GPUs are optimized for training artificial intelligence and deep learning models as they can process multiple computations simultaneously.
They have a large number of cores, which allows for better computation of multiple parallel processes. Additionally, computations in deep learning need to handle huge amounts of data — this makes a GPU’s memory bandwidth most suitable.
Source:
<https://towardsdatascience.com/what-is-a-gpu-and-do-you-need-one-in-deep-learning-718b9597aa0d>
Inside the cryptocurrency industry there are a lot of hardware providers of CPU and GPU power which can be easily diverted to train ML models. NuNet's proposal will enable tapping into that huge potential market (e.g. ETH miners) and linking to the demand in the Cardano ecosystem.
NuNet, a spinoff of SingularityNet, allows to run arbitrary computing workflows on community provisioned hardware and provides payment gateways directly from software or application via Cardano Plutus Smart Contracts. Adding the functionality to source decentralized GPU computing resources via NuNet ecosystem will tap into a huge and expanding part of global computing infrastructure, powering growing industries of AI as well as the emerging industry of Metaverse. NuNet’s ability to connect decentralized hardware into a single workflow is an attractive possibility for these industries.

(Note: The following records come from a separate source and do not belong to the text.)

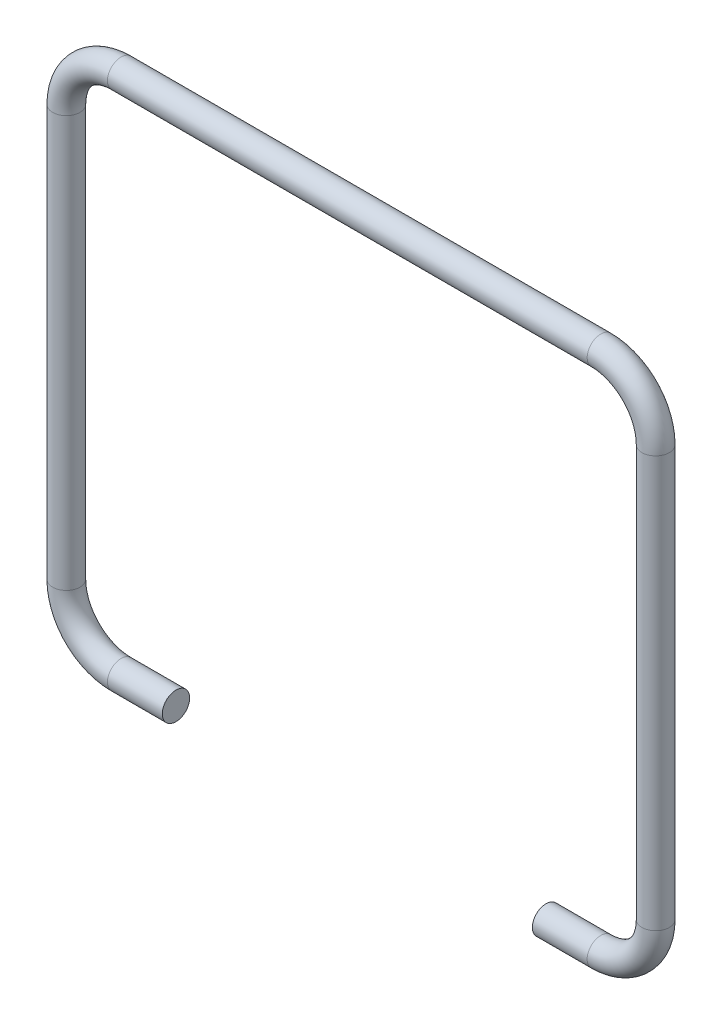
SolidWorks part; units mm, degrees
ref_plane "前视基准面" through (0, 0, 0) normal (0, 0, 1) x (1, 0, 0)
ref_plane "上视基准面" through (0, 0, 0) normal (0, 1, 0) x (1, 0, 0)
ref_plane "右视基准面" through (0, 0, 0) normal (1, 0, 0) x (0, 0, -1)
other "Configuration Table"
sketch "草图1" plane through (0, 0, 0) normal (0, 0, 1) x (1, 0, 0)
  line L0 (0, 0) -> (0, 19) construction
  line L1 (-6.75, 0) -> (-8.75, 0)
  line L2 (-10.75, 2) -> (-10.75, 17)
  line L3 (-8.75, 19) -> (8.75, 19)
  line L4 (6.75, 0) -> (8.75, 0)
  line L5 (10.75, 2) -> (10.75, 17)
  arc A0 (-10.75, 17) -> (-8.75, 19) centre (-8.75, 17) cw
  arc A1 (-8.75, 0) -> (-10.75, 2) centre (-8.75, 2) cw
  arc A2 (8.75, 0) -> (10.75, 2) centre (8.75, 2) ccw
  arc A3 (10.75, 17) -> (8.75, 19) centre (8.75, 17) ccw
  point P9 (-10.75, 19)
  point P12 (-10.75, 0)
  point P20 (0, 19)
  dimension "D4" = 2
  dimension "D5" = 2
  dimension "D1" = 10.75
  dimension "D2" = 4
  dimension "D3" = 19
sweep "扫描1" add path "草图1" circular profile diameter 1 parameters "D3"=1

This would greatly increase the possibilities of the growing ecosystem on Cardano as already witnessed by the needs of DeepchainAda: Trustless AI training. NuNet can provide resilience and true decentralization through the Cardano network both in CPU and GPU computing domains.
The proposal addresses the Challenge goals in terms of:
- Deployment, testing, and monitoring frameworks
- Support structures
- Incentivization structures
To summarize, this proposal brings value to Cardano by enabling flexible, decentralized, robust, faster or cheaper CPU and GPU resources as a computing framework to support the Cardano ecosystem.
Risk 1: Mostly general technical research and development uncertainties and complexity of the project from that side. We are fairly confident that the team will be able to deal with difficulties, but that may require additional time and work.
Risk 2: Complexities with deployment with the pilot partner. To be mitigated with the possibility of including more testing partners inside the NuNet open source community.
Risk 3: Increased hardware prices and uncertainty in the GPU device market. To be mitigated by focused monitoring of price swings and acquiring hardware when prices are lowest.